During our tour of the Papal Palace in Avignon we came across a small plot of vines (below right) that were there to showcase each of the 13 grapes permitted in Chateauneuf –du-Pape wines. The vines are young as the project is still early in its life, but I did have to wonder whose job it will be to make that batch of wine when the time comes!

On Saturday during our trip to the Le Thor market we stopped into a local grocery/convenience/discount store. I bought a Cahors Malbec and a Cotes du Provence Rose, neither of which were very good. Sometimes cheap means cheap! Marc saved the trip though with two bottles of Comte De Serac 2007 Bordeaux. At just shy of 3 Euro each I was again struck with the performance. The wine was light and fruity with soft tannins and a good deal of vanilla. The fruit flavors of strawberry and ripe cherries were simply stated and washed down with a hint of acidity in the moderate finish. With roast pork this wine did not last long at all. Rather than take it home, Marc opened the second bottle because it was being enjoyed so much. For that I am most grateful.

The most intriguing thing I drank the entire time I was there was the Barville Vieux Marc 2002 that I purchased at the Brotte museum and tasting room. Marc is a French pomace brandy which is made from the spent pomace from wine production. The pomace is re-fermented and the low alcohol wine that is made from it is then distilled into a flavorful and potent spirit. My first glass of this was like being in another place altogether. The nose is huge of dried fruits and vanilla. The flavors of raisins, dried apricots and caramel with a hint of sweet in the middle were positively engrossing. I liken it to a blend of fine bourbon and aged Jamaican rum. At 86 proof it is quite strong, but for the audience I quickly found that was an asset and not an impediment. When enjoyed with a Cuban cigar I really felt like I had found a very specific and unique experience during my trip.

You can’t really argue how serious the business of wine is in France when there are places you go where you can see vines everywhere.

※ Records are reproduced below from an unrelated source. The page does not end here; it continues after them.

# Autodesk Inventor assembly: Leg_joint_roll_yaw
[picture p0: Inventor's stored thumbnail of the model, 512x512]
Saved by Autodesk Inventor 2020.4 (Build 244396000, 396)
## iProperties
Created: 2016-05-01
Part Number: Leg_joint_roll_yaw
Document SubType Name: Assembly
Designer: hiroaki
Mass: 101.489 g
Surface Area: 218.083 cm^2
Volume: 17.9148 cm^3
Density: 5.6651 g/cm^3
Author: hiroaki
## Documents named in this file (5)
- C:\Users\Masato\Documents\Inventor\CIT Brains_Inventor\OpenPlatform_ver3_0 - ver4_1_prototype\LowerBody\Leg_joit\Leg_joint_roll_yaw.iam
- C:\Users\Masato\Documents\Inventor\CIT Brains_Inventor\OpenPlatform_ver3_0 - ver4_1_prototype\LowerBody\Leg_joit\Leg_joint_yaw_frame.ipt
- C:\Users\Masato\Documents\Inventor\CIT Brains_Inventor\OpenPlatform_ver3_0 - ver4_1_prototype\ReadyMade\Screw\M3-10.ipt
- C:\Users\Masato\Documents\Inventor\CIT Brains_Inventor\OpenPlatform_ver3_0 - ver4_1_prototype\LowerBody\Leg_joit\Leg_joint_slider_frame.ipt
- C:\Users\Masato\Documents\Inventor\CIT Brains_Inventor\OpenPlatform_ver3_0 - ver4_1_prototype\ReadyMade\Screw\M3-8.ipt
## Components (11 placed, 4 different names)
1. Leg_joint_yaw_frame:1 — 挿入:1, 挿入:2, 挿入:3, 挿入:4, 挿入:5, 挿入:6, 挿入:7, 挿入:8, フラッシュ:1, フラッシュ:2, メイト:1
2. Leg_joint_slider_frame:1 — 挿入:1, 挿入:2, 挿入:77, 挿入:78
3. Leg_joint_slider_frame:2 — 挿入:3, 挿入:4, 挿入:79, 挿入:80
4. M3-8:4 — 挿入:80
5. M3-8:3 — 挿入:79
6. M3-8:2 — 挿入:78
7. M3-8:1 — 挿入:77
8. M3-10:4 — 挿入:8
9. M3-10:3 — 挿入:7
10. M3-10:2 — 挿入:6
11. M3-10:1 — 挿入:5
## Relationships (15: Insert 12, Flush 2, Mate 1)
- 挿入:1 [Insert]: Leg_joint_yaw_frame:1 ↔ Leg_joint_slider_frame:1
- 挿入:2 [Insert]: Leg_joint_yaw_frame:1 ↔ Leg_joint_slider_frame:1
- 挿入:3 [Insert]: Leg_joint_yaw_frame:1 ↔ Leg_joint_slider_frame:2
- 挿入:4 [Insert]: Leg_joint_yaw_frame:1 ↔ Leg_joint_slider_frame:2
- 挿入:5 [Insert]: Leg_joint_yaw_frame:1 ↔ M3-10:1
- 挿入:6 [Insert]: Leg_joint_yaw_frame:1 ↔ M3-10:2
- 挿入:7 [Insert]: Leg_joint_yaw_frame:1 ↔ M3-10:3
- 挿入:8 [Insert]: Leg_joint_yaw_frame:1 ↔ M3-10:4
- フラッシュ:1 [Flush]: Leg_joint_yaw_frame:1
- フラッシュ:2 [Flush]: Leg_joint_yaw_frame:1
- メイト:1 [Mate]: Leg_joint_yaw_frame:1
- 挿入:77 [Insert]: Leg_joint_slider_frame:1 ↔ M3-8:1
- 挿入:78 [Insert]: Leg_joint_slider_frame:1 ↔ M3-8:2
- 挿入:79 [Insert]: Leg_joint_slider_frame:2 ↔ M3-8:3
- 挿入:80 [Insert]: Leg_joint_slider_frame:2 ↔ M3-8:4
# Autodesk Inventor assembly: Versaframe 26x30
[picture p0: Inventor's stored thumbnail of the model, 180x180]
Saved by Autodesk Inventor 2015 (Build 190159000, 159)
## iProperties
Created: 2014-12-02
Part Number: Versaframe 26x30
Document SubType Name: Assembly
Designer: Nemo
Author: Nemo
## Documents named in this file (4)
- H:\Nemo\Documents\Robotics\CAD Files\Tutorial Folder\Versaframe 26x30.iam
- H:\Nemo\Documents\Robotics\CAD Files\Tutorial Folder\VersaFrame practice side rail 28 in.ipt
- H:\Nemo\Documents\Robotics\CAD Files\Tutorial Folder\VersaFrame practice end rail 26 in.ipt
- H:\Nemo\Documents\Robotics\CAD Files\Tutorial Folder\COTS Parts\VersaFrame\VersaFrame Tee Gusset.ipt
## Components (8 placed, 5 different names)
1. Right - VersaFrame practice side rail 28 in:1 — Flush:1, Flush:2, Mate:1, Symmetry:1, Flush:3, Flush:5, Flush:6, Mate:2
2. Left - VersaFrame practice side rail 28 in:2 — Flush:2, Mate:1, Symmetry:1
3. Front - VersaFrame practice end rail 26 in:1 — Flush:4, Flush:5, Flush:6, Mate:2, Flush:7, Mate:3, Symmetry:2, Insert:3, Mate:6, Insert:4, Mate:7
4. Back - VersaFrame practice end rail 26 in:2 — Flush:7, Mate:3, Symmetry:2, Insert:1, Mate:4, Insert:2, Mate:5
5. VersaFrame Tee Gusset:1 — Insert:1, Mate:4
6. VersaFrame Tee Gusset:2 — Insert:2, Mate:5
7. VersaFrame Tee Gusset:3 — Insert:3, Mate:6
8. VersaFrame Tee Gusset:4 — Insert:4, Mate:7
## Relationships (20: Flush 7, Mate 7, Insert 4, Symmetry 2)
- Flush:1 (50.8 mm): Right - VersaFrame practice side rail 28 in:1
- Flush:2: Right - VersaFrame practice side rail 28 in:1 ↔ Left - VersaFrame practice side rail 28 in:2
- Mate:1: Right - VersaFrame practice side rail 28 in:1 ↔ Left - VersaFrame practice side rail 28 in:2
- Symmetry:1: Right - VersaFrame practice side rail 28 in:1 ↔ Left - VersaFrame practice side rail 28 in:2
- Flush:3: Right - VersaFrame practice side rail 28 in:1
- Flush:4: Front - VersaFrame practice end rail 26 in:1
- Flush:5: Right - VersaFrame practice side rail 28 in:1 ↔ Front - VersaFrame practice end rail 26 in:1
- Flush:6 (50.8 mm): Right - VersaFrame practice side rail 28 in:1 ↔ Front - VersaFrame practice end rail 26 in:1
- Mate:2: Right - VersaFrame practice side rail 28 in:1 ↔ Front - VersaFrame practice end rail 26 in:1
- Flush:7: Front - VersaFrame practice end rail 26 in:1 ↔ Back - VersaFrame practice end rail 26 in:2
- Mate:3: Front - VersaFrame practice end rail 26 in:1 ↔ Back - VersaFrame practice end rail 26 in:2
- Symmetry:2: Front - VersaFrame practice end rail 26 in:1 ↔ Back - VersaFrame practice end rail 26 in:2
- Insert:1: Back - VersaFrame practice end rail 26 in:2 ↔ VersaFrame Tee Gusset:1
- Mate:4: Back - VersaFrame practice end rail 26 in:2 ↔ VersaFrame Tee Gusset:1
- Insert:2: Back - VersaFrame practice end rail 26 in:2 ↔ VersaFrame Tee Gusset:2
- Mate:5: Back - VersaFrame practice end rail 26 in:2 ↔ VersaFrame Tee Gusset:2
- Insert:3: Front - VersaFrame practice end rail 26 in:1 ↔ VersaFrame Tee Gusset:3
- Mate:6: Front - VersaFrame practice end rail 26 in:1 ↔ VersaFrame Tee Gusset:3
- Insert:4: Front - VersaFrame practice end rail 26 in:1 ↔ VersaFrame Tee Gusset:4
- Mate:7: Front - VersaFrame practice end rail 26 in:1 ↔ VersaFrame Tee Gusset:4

After we got home I found a bottle of the La Vielle Ferme Cotes du Ventoux Rouge that I had enjoyed on the plane ride over to Paris. We paired it with a Provencal style beef stew I made to help keep the memories of France alive now that we were home. With the familiar aromas and flavors of several of the wines we enjoyed while there I felt I was back for just a moment. One thing I did notice is that this particular wine, for an inexpensive one available at home, did actually smell and taste more pleasing that some other Rhone blends we have had recently, including the Chateau Beauchene from the tasting last Saturday. It would seem I need to explore the Rhone blends that are available to me and see if I can’t find a few that I would want to have around all the time.